Aside from the many different assumptions that economists make when debating their theories, probably the most hotly debated one is the idea of homo economicus, or the rational human. Nearly all economic theories assume that people are rational at all times, that they always prudently allocate their resources in a predictable manner that is beneficial. Unfortunately, this doesn't always hold water in the real world. People will gamble even though the odds are against them; they will forget to go to the supermarket with a calculator to see if the 32 oz. can of soup is cheaper than the 16 oz. can, and they don't routinely analyze the opportunity cost of different goods.
Blind Man's Bluff
Imagine you were blind with a deck of cards laid in front of you and someone expected you to be able to sort out the three of hearts. We know that there is a one-in-52 chance of being right and that, if the cards are randomly sorted, there is no scientific methodology that can help you improve those odds.
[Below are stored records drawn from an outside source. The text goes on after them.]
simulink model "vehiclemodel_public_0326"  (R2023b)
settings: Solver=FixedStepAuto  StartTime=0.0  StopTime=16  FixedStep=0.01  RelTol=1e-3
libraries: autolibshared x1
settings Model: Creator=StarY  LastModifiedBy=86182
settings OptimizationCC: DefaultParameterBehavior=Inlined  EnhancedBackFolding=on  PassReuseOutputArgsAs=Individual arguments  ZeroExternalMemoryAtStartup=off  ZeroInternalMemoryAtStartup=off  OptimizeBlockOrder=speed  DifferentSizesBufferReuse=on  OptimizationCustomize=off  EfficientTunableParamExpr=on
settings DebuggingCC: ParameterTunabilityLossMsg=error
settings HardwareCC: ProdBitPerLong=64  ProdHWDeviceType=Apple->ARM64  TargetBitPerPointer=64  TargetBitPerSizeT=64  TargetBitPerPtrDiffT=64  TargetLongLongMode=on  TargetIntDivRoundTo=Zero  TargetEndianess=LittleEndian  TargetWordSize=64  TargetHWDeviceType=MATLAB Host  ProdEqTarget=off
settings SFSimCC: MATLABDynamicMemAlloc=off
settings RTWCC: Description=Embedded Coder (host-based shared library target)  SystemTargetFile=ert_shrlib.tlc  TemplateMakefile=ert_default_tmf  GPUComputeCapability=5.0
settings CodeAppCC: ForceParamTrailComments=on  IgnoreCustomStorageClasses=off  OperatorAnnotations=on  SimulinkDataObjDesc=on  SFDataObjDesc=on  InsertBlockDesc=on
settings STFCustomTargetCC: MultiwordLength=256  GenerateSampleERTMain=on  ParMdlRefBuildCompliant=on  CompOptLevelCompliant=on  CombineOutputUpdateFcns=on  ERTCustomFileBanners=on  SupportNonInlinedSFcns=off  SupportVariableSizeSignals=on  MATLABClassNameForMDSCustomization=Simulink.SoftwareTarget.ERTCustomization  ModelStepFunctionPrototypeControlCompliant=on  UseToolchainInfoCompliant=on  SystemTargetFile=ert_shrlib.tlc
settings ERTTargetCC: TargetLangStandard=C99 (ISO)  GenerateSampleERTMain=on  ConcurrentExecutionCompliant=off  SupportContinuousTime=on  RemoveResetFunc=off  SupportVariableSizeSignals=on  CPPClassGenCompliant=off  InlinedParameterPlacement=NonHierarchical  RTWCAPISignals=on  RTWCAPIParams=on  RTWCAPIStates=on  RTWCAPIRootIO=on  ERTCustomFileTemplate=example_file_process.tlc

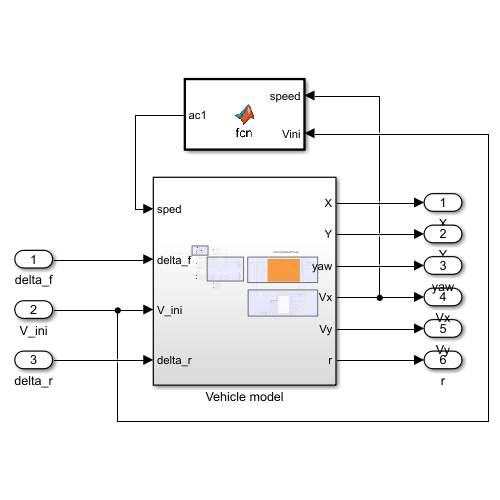
[thumbnail: Simulink's stored preview of the top-level diagram]
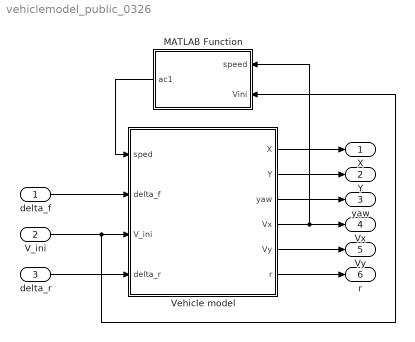
== system vehiclemodel_public_0326 ==
  delta_f : Inport
  V_ini : Inport  Port=2
  delta_r : Inport  Port=3
  MATLAB Function : MATLAB Function  TreatAsAtomicUnit=on
  Vehicle model : Subsystem
  X : Outport
  Y : Outport  Port=2
  yaw : Outport  Port=3
  Vx : Outport  Port=4
  Vy : Outport  Port=5
  r : Outport  Port=6
  wires:
  Vehicle model/6(r) -> r/1
  Vehicle model/1(X) -> X/1
  Vehicle model/3(yaw) -> yaw/1
  Vehicle model/2(Y) -> Y/1
  Vehicle model/5(Vy) -> Vy/1
  Vehicle model/4(Vx) -> Vx/1, MATLAB Function/1(speed)
  V_ini/1 -> Vehicle model/3(V_ini), MATLAB Function/2(Vini)
  delta_f/1 -> Vehicle model/2(delta_f)
  MATLAB Function/1(ac1) -> Vehicle model/1(sped)
  delta_r/1 -> Vehicle model/4(delta_r)

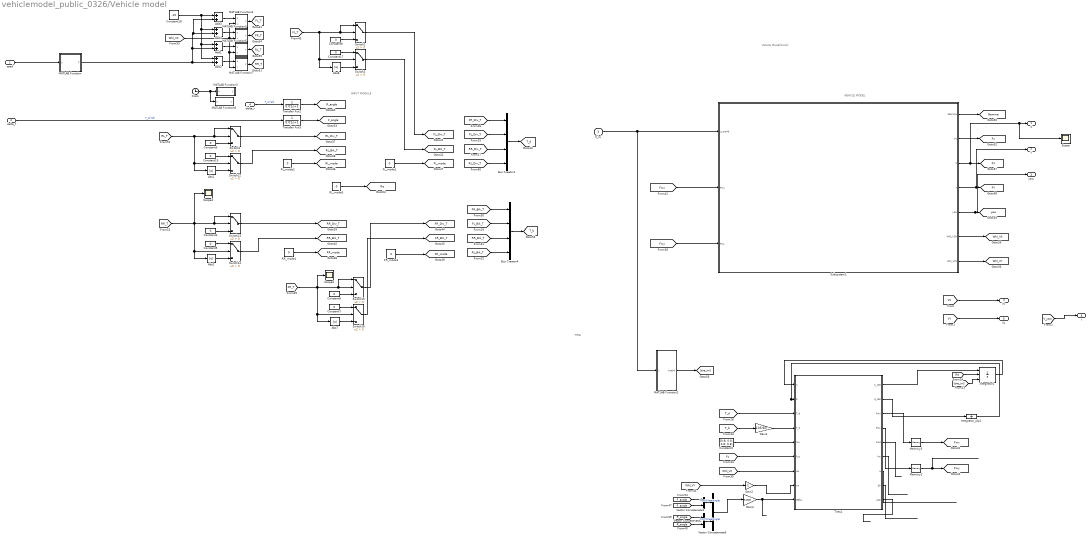
== system vehiclemodel_public_0326/Vehicle model ==
  note: INPUT MODULE
  note: TIRE
  note: VEHICLE MODEL
  note: Vehicle Model(Final)
  sped : Inport
  delta_f : Inport  Port=2
  V_ini : Inport  Port=3
  delta_r : Inport  Port=4
  Abs{1..2,7..8} (4 alike) : Abs  SaturateOnIntegerOverflow=off
  Add{1..4} (4 alike) : Sum
  Bus Creator1 : BusCreator  Inputs=4
  Bus Creator4 : BusCreator  Inputs=4
  Clock : Clock
  Constant{3..8,17,19} (8 alike) : Constant  Value=0
  Constant18 : Constant  Value=-15
  Constant2 : Constant  Value=[0.8; 0.8; 0.8; 0.8]
  FL_mode1 : Constant  Value=0
  FR_mode1 : Constant  Value=0
  Gain2 : Gain
  Gain3 : Gain  Gain=5.25/6
  Gain4 : Gain  Gain=105/60
  Integrator1 : Integrator  ExternalReset=rising  InitialConditionSource=external  LimitOutput=on  UpperSaturationLimit=[1e9;1e9;1e9;1e9;1e9;1e9]  LowerSaturationLimit=[-1e9;-1e9; -1e9;-1e9;-1e9;-1e9]
  Integrator_slip1 : Integrator  InitialCondition=zeros(8,1)  LimitOutput=on  UpperSaturationLimit=[1e9;1e9;1e9;1e9;1e9;1e9;1e9;1e9]  LowerSaturationLimit=[-1e9;-1e9;-1e9;-1e9;-1e9;-1e9;-1e9;-1e9]
  MATLAB Function : MATLAB Function  TreatAsAtomicUnit=on
  MATLAB Function2 : MATLAB Function  TreatAsAtomicUnit=on
  MATLAB Function3 : MATLAB Function  TreatAsAtomicUnit=on
  MATLAB Function4 : MATLAB Function  TreatAsAtomicUnit=on
  MATLAB Function5 : MATLAB Function  TreatAsAtomicUnit=on
  MATLAB Function6 : MATLAB Function  TreatAsAtomicUnit=on
  MATLAB Function7 : MATLAB Function  TreatAsAtomicUnit=on
  MATLAB Function8 : MATLAB Function  TreatAsAtomicUnit=on
  Memory2 : Memory
  Memory3 : Memory
  RL_mode2 : Constant  Value=0
  RL_mode3 : Constant  Value=0
  RR_mode1 : Constant  Value=0
  Scope : Scope
  Scope3 : Scope
  Scope4 : Scope
  Subsystem1 : Subsystem
  Switch{1..3,12..16} (8 alike) : Switch  Criteria=u2 > Threshold  SaturateOnIntegerOverflow=off  InputSameDT=off
  Tires1 : MATLAB Function  SystemSampleTime=0.001
  Transfer Fcn2 : TransferFcn  Denominator=[0.01 1]
  Transfer Fcn3 : TransferFcn  Denominator=[0.01 1]
  Vector Concatenate1 : Concatenate
  Vector Concatenate2 : Concatenate
  Vector Concatenate6 : Concatenate
  X : Outport
  Y : Outport  Port=2
  yaw : Outport  Port=3
  Vx : Outport  Port=4
  Vy : Outport  Port=5
  r : Outport  Port=6
  tag scope: FL_Brk_T=global, FL_Drv_T=global, FL_T=global, FL_mode=global, FR_Brk_T=global, FR_Drv_T=global, FR_T=global, FR_mode=global, F_angle=global, Fwx=global, Fwy=global, Fz=global, Gamma=global, PX=global, PY=global, RL_Brk_T=global, RL_Drv_T=global, RL_T=global, RL_mode=global, RR_Brk_T=global, RR_Drv_T=global, RR_T=global, RR_mode=global, R_angle=global, Re=global, T_b=global, T_d=global, Whl_VX=global, Whl_VY=global, yaw=global
  wires:
  Abs2/1 -> Switch14/3
  Memory3/1 -> [Fwx]
  Clock/1 -> MATLAB Function8/1(u), MATLAB Function3/1(u)
  FR_mode1/1 -> [FR_mode]
  [T_b] -> Gain4/1
  MATLAB Function4/1(y) -> [FL_T]
  Tires1/7(a) -> ?
  Constant18/1 -> Add2/1, Add1/1, Add4/1, Add3/1
  FL_mode1/1 -> [FL_mode]
  Add4/1 -> MATLAB Function5/1(u)
  Tires1/3(Fwx) -> Memory3/1
  Add3/1 -> MATLAB Function4/1(u)
  Gain3/1 -> Tires1/9(delta)
  MATLAB Function6/1(y) -> [RL_T]
  Add1/1 -> MATLAB Function6/1(u)
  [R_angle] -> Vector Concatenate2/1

However, if you pull the right card, you might attribute it to anything: the way you reached out, how many breaths you took, the twitch in your right eye - anything.
Once again you are stuck slicing and applying variables, but you can't repeat the test with any kind of consistent controls. This is similar to economics: the number of testable variables is enormous due to the sheer size of the economy. As a result, there has been little success not only in predicting phenomena but also in proposing reasons for why observable things happen. The economy can't be controlled like a math equation or a science experiment, and there are simply too many variables to test with any sort of reliability and verifiability.
The Bottom Line
So there you have it. Next time you see someone dropping the phrase "dismal science" you can check if he or she uses it correctly; furthermore, you know that the person using the term could not possibly predict or explain market events with any smug confidence.